2. Konsep Berpikir Hans Kelsen

            Jika dilihat karya-karya yang dibuat oleh Hans Kelsen, pemikiran yang dikemukakan meliputi tiga masalah utama, yaitu tentang teori hukum, negara, dan hukum internasional. Ketiga masalah tersebut sesungguhnya tidak dapat dipisahkan satu dengan lainnya karena saling terkait dan dikembangkan secara konsisten berdasarkan logika hukum secara formal. Logika formal ini telah lama dikembangkan dan menjadi karakteristik utama filsafat Neo-Kantian yang kemudian berkembang menjadi aliran strukturalisme. Teori umum tentang hukum yang dikembangkan oleh Kelsen meliputi dua aspek penting, yaitu aspek statis (nomostatics) yang melihat perbuatan yang diatur oleh hukum, dan aspek dinamis (nomodinamic) yang melihat hukum yang mengatur perbuatan tertentu.
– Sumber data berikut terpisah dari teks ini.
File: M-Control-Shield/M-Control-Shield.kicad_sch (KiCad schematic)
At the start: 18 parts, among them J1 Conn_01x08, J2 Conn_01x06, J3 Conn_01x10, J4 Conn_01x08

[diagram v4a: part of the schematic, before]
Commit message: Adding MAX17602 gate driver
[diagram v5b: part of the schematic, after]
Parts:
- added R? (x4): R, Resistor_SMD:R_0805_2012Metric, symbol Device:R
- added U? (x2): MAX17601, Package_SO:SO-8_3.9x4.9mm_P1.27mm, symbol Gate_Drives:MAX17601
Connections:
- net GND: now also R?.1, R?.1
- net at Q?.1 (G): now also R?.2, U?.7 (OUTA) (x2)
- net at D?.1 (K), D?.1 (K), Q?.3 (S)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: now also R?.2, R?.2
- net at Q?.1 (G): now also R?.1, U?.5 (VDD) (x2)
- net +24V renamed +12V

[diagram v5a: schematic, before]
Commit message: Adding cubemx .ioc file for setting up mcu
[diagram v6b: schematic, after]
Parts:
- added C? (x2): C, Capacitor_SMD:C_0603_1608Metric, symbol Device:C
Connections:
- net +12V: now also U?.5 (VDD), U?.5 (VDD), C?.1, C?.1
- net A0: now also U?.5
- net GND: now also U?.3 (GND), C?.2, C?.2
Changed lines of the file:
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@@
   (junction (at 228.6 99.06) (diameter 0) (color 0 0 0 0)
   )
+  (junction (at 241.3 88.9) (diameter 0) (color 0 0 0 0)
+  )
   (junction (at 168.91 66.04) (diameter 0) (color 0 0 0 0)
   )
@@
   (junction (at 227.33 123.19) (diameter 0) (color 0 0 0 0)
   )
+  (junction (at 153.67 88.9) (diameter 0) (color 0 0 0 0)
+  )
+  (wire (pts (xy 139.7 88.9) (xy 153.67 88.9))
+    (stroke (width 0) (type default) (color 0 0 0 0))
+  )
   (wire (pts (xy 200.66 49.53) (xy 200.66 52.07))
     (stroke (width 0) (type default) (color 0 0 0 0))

            Friedmann mengungkapkan dasar-dasar esensial dari pemikiran Kelsen sebagai berikut :

1.      Tujuan hukum, seperti tiap ilmu pengetab untuk mengurangi kekacauan dan kemajemu kesatuan.

2.      Teori hukum adalah ilmu pengetahuan mengenai hukum yang berlaku, bukan mengenai hukum yang scharusnya.

3.      Hukum adalah ilmu pengetahuan normatif, bukan ilmu alam.

4.      Teori hukum sebagai teori tentang norma-norma, tidak ada hubungannya dengan daya kerja norma-norma hukum.

5.      Teori hukum adalah formal, suatu teori tentang cara menata, mengubah isi dengan cara yang khusus. Hubungan antara teori hukum dan sistem yang khas dari hukum positif ialah hubungan apa yang mungkin dengan hukum yang nyata.

            Pendekatan yang dilakukan oleh Kelsen disebut The Pure Theory of Law, mendapatkan tempat tersendiri karena berbeda dengan dua kutub pendekatan yang berbeda antara mahzab hukum alam dengan positivisme empiris. Beberapa ahli menyebut pemikiran Kelsen sebagai jalan tengah dari dua aliran hukum yang telah ada sebelumnya.

            Empirisme hukum melihat hukum dapat direduksi sebagai fakta sosial. Sedangkan Kelsen berpendapat bahwa interpretasi hukum berhubungan dengan norma yang non empiris. Norma tersebut memiliki struktur yang membatasi interpretasi hukum. Di sisi lain, berbeda dengan mahzab hukum alam, Kelsen berpendapat bahwa hukum tidak dibatasi oleh pertimbangan moral. Tesis yang dikembangkan oleh kaum empiris disebut dengan the reductive thesis, dan antitesisnya yang dikembangkan oleh mahzab hukum alam disebut dengan normativity thesis.[7]

            Dalam perspektif normatif, pembahasan keberlakuan hukum secara teoretik maupun keberlakuan hukum dalam ranah implementasi didasarkan pada cara berpikir deduktif, dimana keberlakuan sebuah aturan hukum harus dilandaskan pada keberlakuan hukum yang lebih tinggi, terus dilandaskan pada aturan hukum yang lebih tinggi lagi, hingga sampailah pada sumber yang bersifat meta yuridis. Dasar keberlakuan yang disebut bersifat meta-yuridis itu berupa nilai-nilai (values) yang bersifat abstrak. Nilai-nilai (values) merupakan penuntun apa yang baik dan buruk, apa yang benar dan apa yang salah sehingga harus dilakukan atau dijauhi manusia. Itulah logika hukum yang diperkenalkan oleh Hans Kelsen.[8]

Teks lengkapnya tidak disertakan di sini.